_Work instructions_
Below are some records. Retype exactly the lines from the one containing "Pert/1 -> SomaPert/2" through the one containing "c/1 -> SumD/1", both included, skipping every picture.
Exercise inputs Block Start
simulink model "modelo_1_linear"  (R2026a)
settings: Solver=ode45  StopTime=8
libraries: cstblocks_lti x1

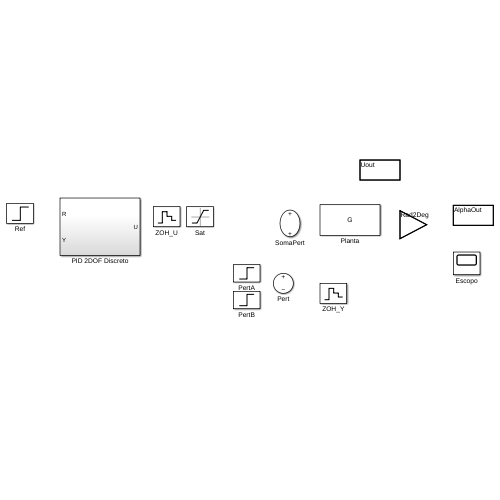
[thumbnail: Simulink's stored preview of the top-level diagram]
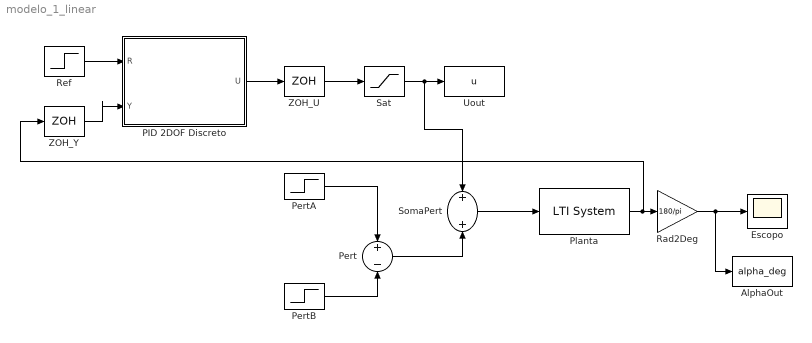
== system modelo_1_linear ==
  AlphaOut : ToWorkspace  VariableName=alpha_deg  SaveFormat=Timeseries  SampleTime=-1
  Escopo : Scope
  PID 2DOF Discreto : Subsystem
  Pert : Sum  Inputs=+-
  PertA : Step  Time=2  FinalValue=60  SampleTime=0
  PertB : Step  Time=2.3  FinalValue=60  SampleTime=0
  Planta : cstblocks_lti/LTI System  sys=G  IC=[]  PadeOrder=0
      settings: LibrarySourceBlock=cstblocks/LTI System
  Rad2Deg : Gain  Gain=180/pi
  Ref : Step  Time=0  FinalValue=0  SampleTime=0
  Sat : Saturate  UpperLimit=255  LowerLimit=-255
  SomaPert : Sum
  Uout : ToWorkspace  VariableName=u  SaveFormat=Timeseries  SampleTime=-1
  ZOH_U : ZeroOrderHold  SampleTime=0.02
  ZOH_Y : ZeroOrderHold  SampleTime=0.02
  wires:
  Planta/1 -> Rad2Deg/1, ZOH_Y/1
  SomaPert/1 -> Planta/1
  Pert/1 -> SomaPert/2
  Sat/1 -> Uout/1, SomaPert/1
  PertB/1 -> Pert/2
  PertA/1 -> Pert/1
  ZOH_U/1 -> Sat/1
  PID 2DOF Discreto/1(U) -> ZOH_U/1
  Rad2Deg/1 -> Escopo/1, AlphaOut/1
  ZOH_Y/1 -> PID 2DOF Discreto/2(Y)
  Ref/1 -> PID 2DOF Discreto/1(R)

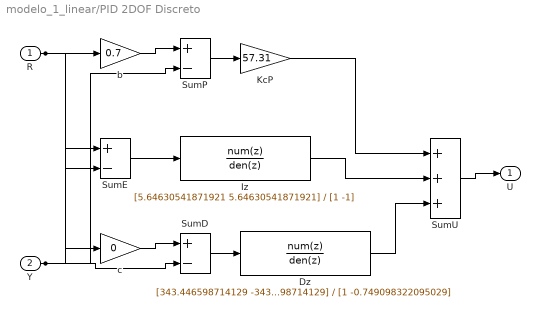
== system modelo_1_linear/PID 2DOF Discreto ==
  R : Inport
  Y : Inport  Port=2
  Dz : DiscreteTransferFcn  Numerator=[343.446598714129 -343.446598714129]  Denominator=[1 -0.749098322095029]  SampleTime=0.02
  Iz : DiscreteTransferFcn  Numerator=[5.64630541871921 5.64630541871921]  Denominator=[1 -1]  SampleTime=0.02
  KcP : Gain  Gain=57.31
  SumD : Sum  Inputs=+-
  SumE : Sum  Inputs=+-
  SumP : Sum  Inputs=+-
  SumU : Sum  Inputs=+++
  b : Gain  Gain=0.7
  c : Gain  Gain=0
  U : Outport
  wires:
  R/1 -> b/1, SumE/1, c/1
  b/1 -> SumP/1
  Y/1 -> SumP/2, SumE/2, SumD/2
  SumP/1 -> KcP/1
  SumE/1 -> Iz/1
  c/1 -> SumD/1
  SumD/1 -> Dz/1
  KcP/1 -> SumU/1
  Iz/1 -> SumU/2
  Dz/1 -> SumU/3
  SumU/1 -> U/1
Exercise inputs Block End
_Task output_
  Pert/1 -> SomaPert/2
  Sat/1 -> Uout/1, SomaPert/1
  PertB/1 -> Pert/2
  PertA/1 -> Pert/1
  ZOH_U/1 -> Sat/1
  PID 2DOF Discreto/1(U) -> ZOH_U/1
  Rad2Deg/1 -> Escopo/1, AlphaOut/1
  ZOH_Y/1 -> PID 2DOF Discreto/2(Y)
  Ref/1 -> PID 2DOF Discreto/1(R)

== system modelo_1_linear/PID 2DOF Discreto ==
  R : Inport
  Y : Inport  Port=2
  Dz : DiscreteTransferFcn  Numerator=[343.446598714129 -343.446598714129]  Denominator=[1 -0.749098322095029]  SampleTime=0.02
  Iz : DiscreteTransferFcn  Numerator=[5.64630541871921 5.64630541871921]  Denominator=[1 -1]  SampleTime=0.02
  KcP : Gain  Gain=57.31
  SumD : Sum  Inputs=+-
  SumE : Sum  Inputs=+-
  SumP : Sum  Inputs=+-
  SumU : Sum  Inputs=+++
  b : Gain  Gain=0.7
  c : Gain  Gain=0
  U : Outport
  wires:
  R/1 -> b/1, SumE/1, c/1
  b/1 -> SumP/1
  Y/1 -> SumP/2, SumE/2, SumD/2
  SumP/1 -> KcP/1
  SumE/1 -> Iz/1
  c/1 -> SumD/1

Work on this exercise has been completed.